As some of you may know, I’ve been working in the box office of a movie theater every Saturday night for the last decade or so. The theater in question is a fairly old building located in the middle of a mostly residential neighborhood and the theater’s owners have bought up many of the surrounding houses and apartments over the years. Since it is not a particularly desirable neighborhood, those apartments have attracted many memorably unique and unseemly tenants during my tenure. One such fellow abruptly vacated his apartment a few months ago, leaving behind a thousand individually smashed LPs, some rifle cleaning kits, a cryptic threat scrawled on a table, and a stack of porn with a meat cleaver on top of it. It was apparently quite a scene.
Of course, where some people see a deeply unnerving glimpse into the void, the depressing and uncomfortable aftermath of a probable psychotic breakdown, or a pile of garbage, others see an exciting opportunity. One of the owners of the theater had the latter perspective, so he commissioned an employee to gather up all the porn and sell it, offering him a generous cut of the take. That was the plan, anyway. What happened instead is that a large cardboard box of mildewed and battered porn magazines from the ’70s was unceremoniously dumped in the box office and left there in a comically inconvenient place. And that is where it sat for the next several months. Which brings me to my brilliant idea.

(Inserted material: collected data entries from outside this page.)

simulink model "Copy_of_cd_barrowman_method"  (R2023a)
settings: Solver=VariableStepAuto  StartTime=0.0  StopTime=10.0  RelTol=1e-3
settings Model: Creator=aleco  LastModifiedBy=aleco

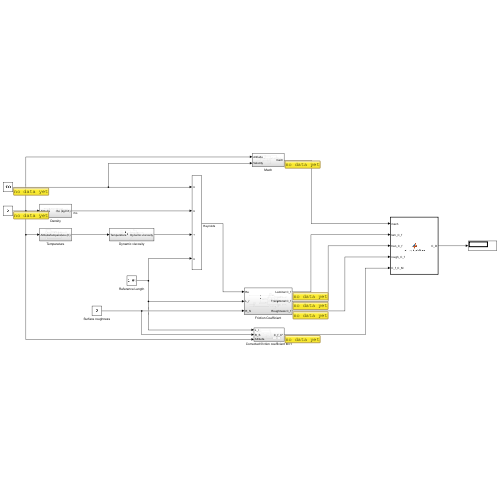
[thumbnail: Simulink's stored preview of the top-level diagram]
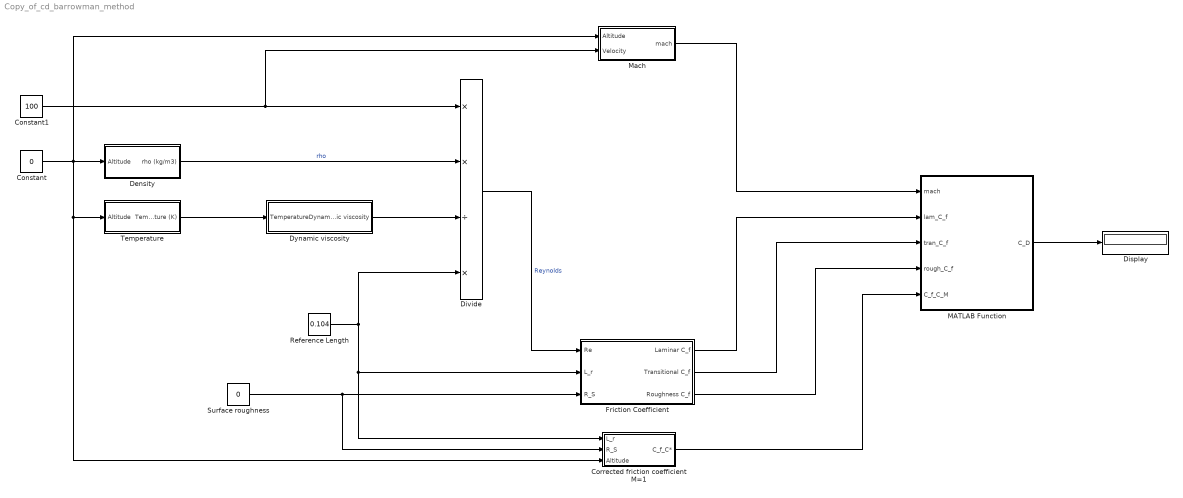
== system Copy_of_cd_barrowman_method ==
  Constant : Constant  Value=0
  Constant1 : Constant  Value=100
  Corrected friction coefficient M=1 : Subsystem
  Density : Subsystem
  Display : Display
  Divide : Product  Inputs=**/*
  Dynamic viscosity : Subsystem
  Friction Coefficient : Subsystem
  MATLAB Function : MATLAB Function  TreatAsAtomicUnit=on
  Mach : Subsystem
  Reference Length : Constant  Value=0.104
  Surface roughness : Constant  Value=0
  Temperature : Subsystem
  wires:
  Constant1/1 -> Divide/1, Mach/2(Velocity)
  Temperature/1(Temperature (K)) -> Dynamic viscosity/1(Temperature)
  Density/1(rho (kg/m3)) -> Divide/2  "rho"
  Reference Length/1 -> Divide/4, Corrected friction coefficient M=1/1(L_r), Friction Coefficient/2(L_r)
  Dynamic viscosity/1(Dynamic viscosity) -> Divide/3
  Surface roughness/1 -> Friction Coefficient/3(R_S), Corrected friction coefficient M=1/2(R_S)
  Divide/1 -> Friction Coefficient/1(Re)  "Reynolds"
  Constant/1 -> Mach/1(Altitude), Corrected friction coefficient M=1/3(Altitude), Temperature/1(Altitude), Density/1(Altitude)
  Mach/1(mach) -> MATLAB Function/1(mach)
  Friction Coefficient/1(Laminar C_f) -> MATLAB Function/2(lam_C_f)
  Friction Coefficient/2(Transitional C_f) -> MATLAB Function/3(tran_C_f)
  Friction Coefficient/3(Roughness C_f) -> MATLAB Function/4(rough_C_f)
  Corrected friction coefficient M=1/1(C_f_C*) -> MATLAB Function/5(C_f_C_M)
  MATLAB Function/1(C_D) -> Display/1

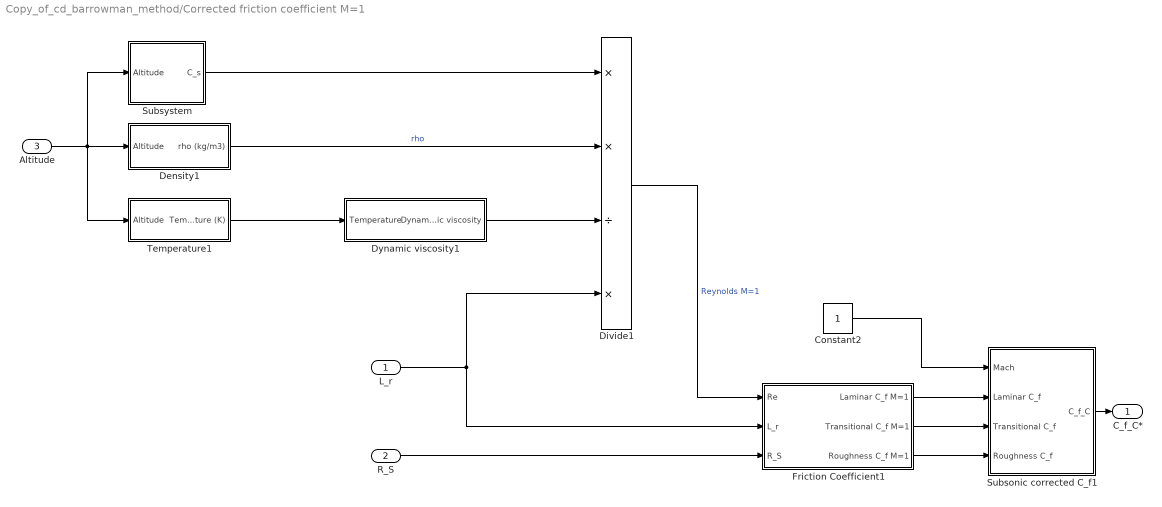
== system Copy_of_cd_barrowman_method/Corrected friction coefficient M=1 ==
  L_r : Inport
  R_S : Inport  Port=2
  Altitude : Inport  Port=3
  Constant2 : Constant
  Density1 : Subsystem
  Divide1 : Product  Inputs=**/*
  Dynamic viscosity1 : Subsystem
  Friction Coefficient1 : Subsystem
  Subsonic corrected C_f1 : Subsystem
  Subsystem : Subsystem
  Temperature1 : Subsystem
  C_f_C* : Outport
  wires:
  Temperature1/1(Temperature (K)) -> Dynamic viscosity1/1(Temperature)
  Subsystem/1(C_s) -> Divide1/1
  Divide1/1 -> Friction Coefficient1/1(Re)  "Reynolds M=1"
  R_S/1 -> Friction Coefficient1/3(R_S)
  Friction Coefficient1/1(Laminar C_f M=1) -> Subsonic corrected C_f1/2(Laminar C_f)
  L_r/1 -> Divide1/4, Friction Coefficient1/2(L_r)
  Friction Coefficient1/2(Transitional C_f M=1) -> Subsonic corrected C_f1/3(Transitional C_f)
  Friction Coefficient1/3(Roughness C_f M=1) -> Subsonic corrected C_f1/4(Roughness C_f)
  Dynamic viscosity1/1(Dynamic viscosity) -> Divide1/3
  Constant2/1 -> Subsonic corrected C_f1/1(Mach)
  Altitude/1 -> Subsystem/1(Altitude), Temperature1/1(Altitude), Density1/1(Altitude)
  Density1/1(rho (kg/m3)) -> Divide1/2  "rho"
  Subsonic corrected C_f1/1(C_f_C) -> C_f_C*/1

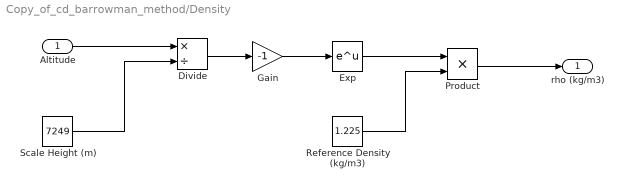
== system Copy_of_cd_barrowman_method/Density ==
  Altitude : Inport
  Divide : Product  Inputs=*/
  Exp : Math
  Gain : Gain  Gain=-1
  Product : Product
  Reference Density (kg/m3) : Constant  Value=1.225
  Scale Height (m) : Constant  Value=7249
  rho (kg/m3) : Outport
  wires:
  Altitude/1 -> Divide/1
  Scale Height (m)/1 -> Divide/2
  Divide/1 -> Gain/1
  Gain/1 -> Exp/1
  Exp/1 -> Product/1
  Reference Density (kg/m3)/1 -> Product/2
  Product/1 -> rho (kg/m3)/1

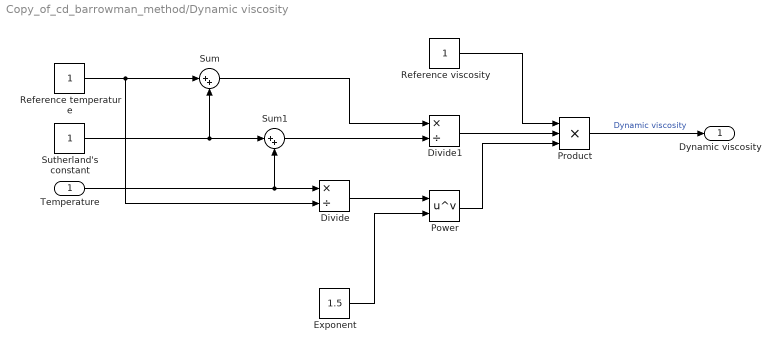
== system Copy_of_cd_barrowman_method/Dynamic viscosity ==
  Temperature : Inport
  Divide : Product  Inputs=*/
  Divide1 : Product  Inputs=*/
  Exponent : Constant  Value=1.5
  Power : Math  Operator=pow
  Product : Product  Inputs=3
  Reference temperature : Constant
  Reference viscosity : Constant
  Sum : Sum  Inputs=|++
  Sum1 : Sum  Inputs=|++
  Sutherland's constant : Constant
  Dynamic viscosity : Outport
  wires:
  Sum/1 -> Divide1/1
  Divide/1 -> Power/1
  Temperature/1 -> Sum1/2, Divide/1
  Sutherland's constant/1 -> Sum/2, Sum1/1
  Reference temperature/1 -> Divide/2, Sum/1
  Sum1/1 -> Divide1/2
  Exponent/1 -> Power/2
  Divide1/1 -> Product/2
  Product/1 -> Dynamic viscosity/1  "Dynamic viscosity"
  Reference viscosity/1 -> Product/1
  Power/1 -> Product/3

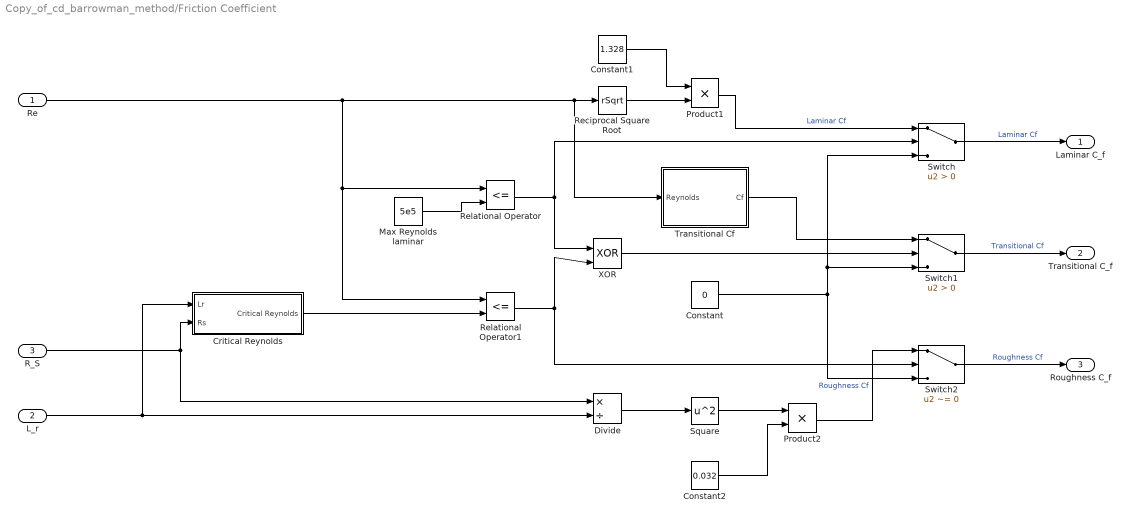
== system Copy_of_cd_barrowman_method/Friction Coefficient ==
  Re : Inport
  L_r : Inport  Port=2
  R_S : Inport  Port=3
  Constant : Constant  Value=0
  Constant1 : Constant  Value=1.328
  Constant2 : Constant  Value=0.032
  Critical Reynolds : Subsystem
  Divide : Product  Inputs=*/
  Max Reynolds laminar : Constant  Value=5e5
  Product1 : Product
  Product2 : Product
  Reciprocal Square Root : Sqrt  Operator=rSqrt
  Relational Operator : RelationalOperator  Operator=<=  OutDataTypeStr=boolean  RndMeth=Simplest  InputSameDT=off
  Relational Operator1 : RelationalOperator  Operator=<=  OutDataTypeStr=boolean  RndMeth=Simplest  InputSameDT=off
  Square : Math  Operator=square
  Switch : Switch  Criteria=u2 > Threshold  SaturateOnIntegerOverflow=off  InputSameDT=off
  Switch1 : Switch  Criteria=u2 > Threshold  SaturateOnIntegerOverflow=off  InputSameDT=off
  Switch2 : Switch  Criteria=u2 ~= 0  SaturateOnIntegerOverflow=off  InputSameDT=off
  Transitional Cf : Subsystem
  XOR : Logic  Operator=XOR  IconShape=distinctive  AllPortsSameDT=off  OutDataTypeStr=boolean
  Laminar C_f : Outport
  Transitional C_f : Outport  Port=2
  Roughness C_f : Outport  Port=3
  wires:
  Constant/1 -> Switch/3, Switch1/3, Switch2/3
  Reciprocal Square Root/1 -> Product1/2
  Transitional Cf/1(Cf) -> Switch1/1
  Switch2/1 -> Roughness C_f/1  "Roughness Cf"
  Product1/1 -> Switch/1  "Laminar Cf"
  Critical Reynolds/1(Critical Reynolds) -> Relational Operator1/2
  Relational Operator1/1 -> Switch2/2, XOR/2
  Re/1 -> Transitional Cf/1(Reynolds), Reciprocal Square Root/1, Relational Operator/1, Relational Operator1/1
  Product2/1 -> Switch2/1  "Roughness Cf"
  XOR/1 -> Switch1/2
  R_S/1 -> Critical Reynolds/2(Rs), Divide/1
  Constant1/1 -> Product1/1
  Switch1/1 -> Transitional C_f/1  "Transitional Cf"
  L_r/1 -> Critical Reynolds/1(Lr), Divide/2
  Relational Operator/1 -> Switch/2, XOR/1
  Max Reynolds laminar/1 -> Relational Operator/2
  Divide/1 -> Square/1
  Switch/1 -> Laminar C_f/1  "Laminar Cf"
  Square/1 -> Product2/1
  Constant2/1 -> Product2/2

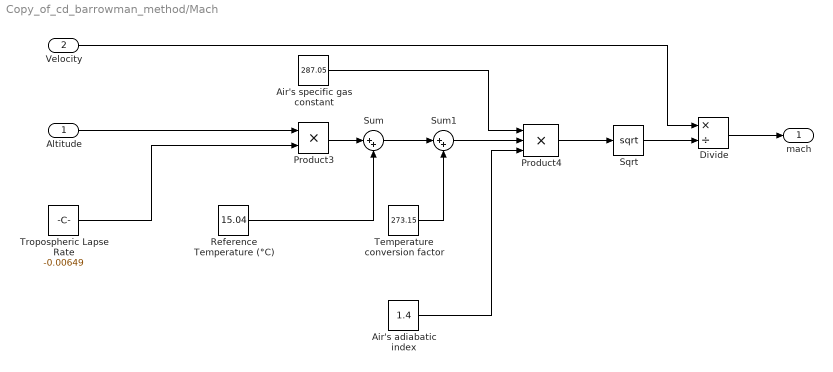
== system Copy_of_cd_barrowman_method/Mach ==
  Altitude : Inport
  Velocity : Inport  Port=2
  Air's adiabatic index : Constant  Value=1.4
  Air's specific gas constant : Constant  Value=287.05
  Divide : Product  Inputs=*/
  Product3 : Product
  Product4 : Product  Inputs=3
  Reference Temperature (°C) : Constant  Value=15.04
  Sqrt : Sqrt
  Sum : Sum  Inputs=|++
  Sum1 : Sum  Inputs=|++
  Temperature conversion factor : Constant  Value=273.15
  Tropospheric Lapse Rate : Constant  Value=-0.00649
  mach : Outport
  wires:
  Product4/1 -> Sqrt/1
  Product3/1 -> Sum/1
  Air's adiabatic index/1 -> Product4/3
  Tropospheric Lapse Rate/1 -> Product3/2
  Air's specific gas constant/1 -> Product4/1
  Sum/1 -> Sum1/1
  Reference Temperature (°C)/1 -> Sum/2
  Altitude/1 -> Product3/1
  Velocity/1 -> Divide/1
  Divide/1 -> mach/1
  Temperature conversion factor/1 -> Sum1/2
  Sum1/1 -> Product4/2
  Sqrt/1 -> Divide/2

== system Copy_of_cd_barrowman_method/Temperature ==
  Altitude : Inport
  Factor of conversion to K : Constant  Value=273.15
  Product3 : Product
  Reference Temperature (°C) : Constant  Value=15.04
  Sum : Sum  Inputs=|++
  Sum1 : Sum  Inputs=|++
  Tropospheric Lapse Rate : Constant  Value=-0.00649
  Temperature (K) : Outport
  wires:
  Altitude/1 -> Product3/1
  Sum/1 -> Sum1/1
  Tropospheric Lapse Rate/1 -> Product3/2
  Product3/1 -> Sum/1
  Factor of conversion to K/1 -> Sum1/2
  Sum1/1 -> Temperature (K)/1
  Reference Temperature (°C)/1 -> Sum/2

== system Copy_of_cd_barrowman_method/Corrected friction coefficient M=1/Density1 ==
  Altitude : Inport
  Divide : Product  Inputs=*/
  Exp : Math
  Gain : Gain  Gain=-1
  Product : Product
  Reference Density (kg/m3) : Constant  Value=1.225
  Scale Height (m) : Constant  Value=7249
  rho (kg/m3) : Outport
  wires:
  Altitude/1 -> Divide/1
  Scale Height (m)/1 -> Divide/2
  Divide/1 -> Gain/1
  Gain/1 -> Exp/1
  Exp/1 -> Product/1
  Reference Density (kg/m3)/1 -> Product/2
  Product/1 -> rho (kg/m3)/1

Once I realized that the porn mound was basically abandoned and forgotten, it occurred to me that it would be extremely funny if that pile started to mysteriously and almost imperceptibly get larger and more invasive each week. And that I should be the one to make that happen. And that it was absolutely vital that none of the porn I added had even the slightest vestige of eroticism, as anything even remotely sexy would diminish or distract from the overall effect. It needed to be a teetering, sticky, and slightly water-damaged monument to loneliness, decay,and poor decisions- absolutely nothing less would do (I have very exacting comic standards).
I immediately resolved to post a Craigslist ad begging for lots of very depressing porn. Ideally, that porn would come exclusively from overweight middle-aged men in food-stained sweatpants who still live with their parents, as verisimilitude is very important to me. Unfortunately, I couldn’t think of a tactful, non-self-defeating way to convey that in my ad (pro tip: people do not like it when you are openly contemptuous of them). Properly wording such a request would be tricky.
I also realized that the slumped and defeated men in question would probably want money for their stash, which I don’t really have. Which made me realize that I also needed to create and secretly publicize a Kickstarter campaign for my very important art project, which seemed like a daunting amount of effort to exert just to fleetingly amuse myself. Consequently, I procrastinated for a few weeks.
Then some meddlesome son of a bitch abruptly took all the porn out of the box office and my window of opportunity slammed shut forever.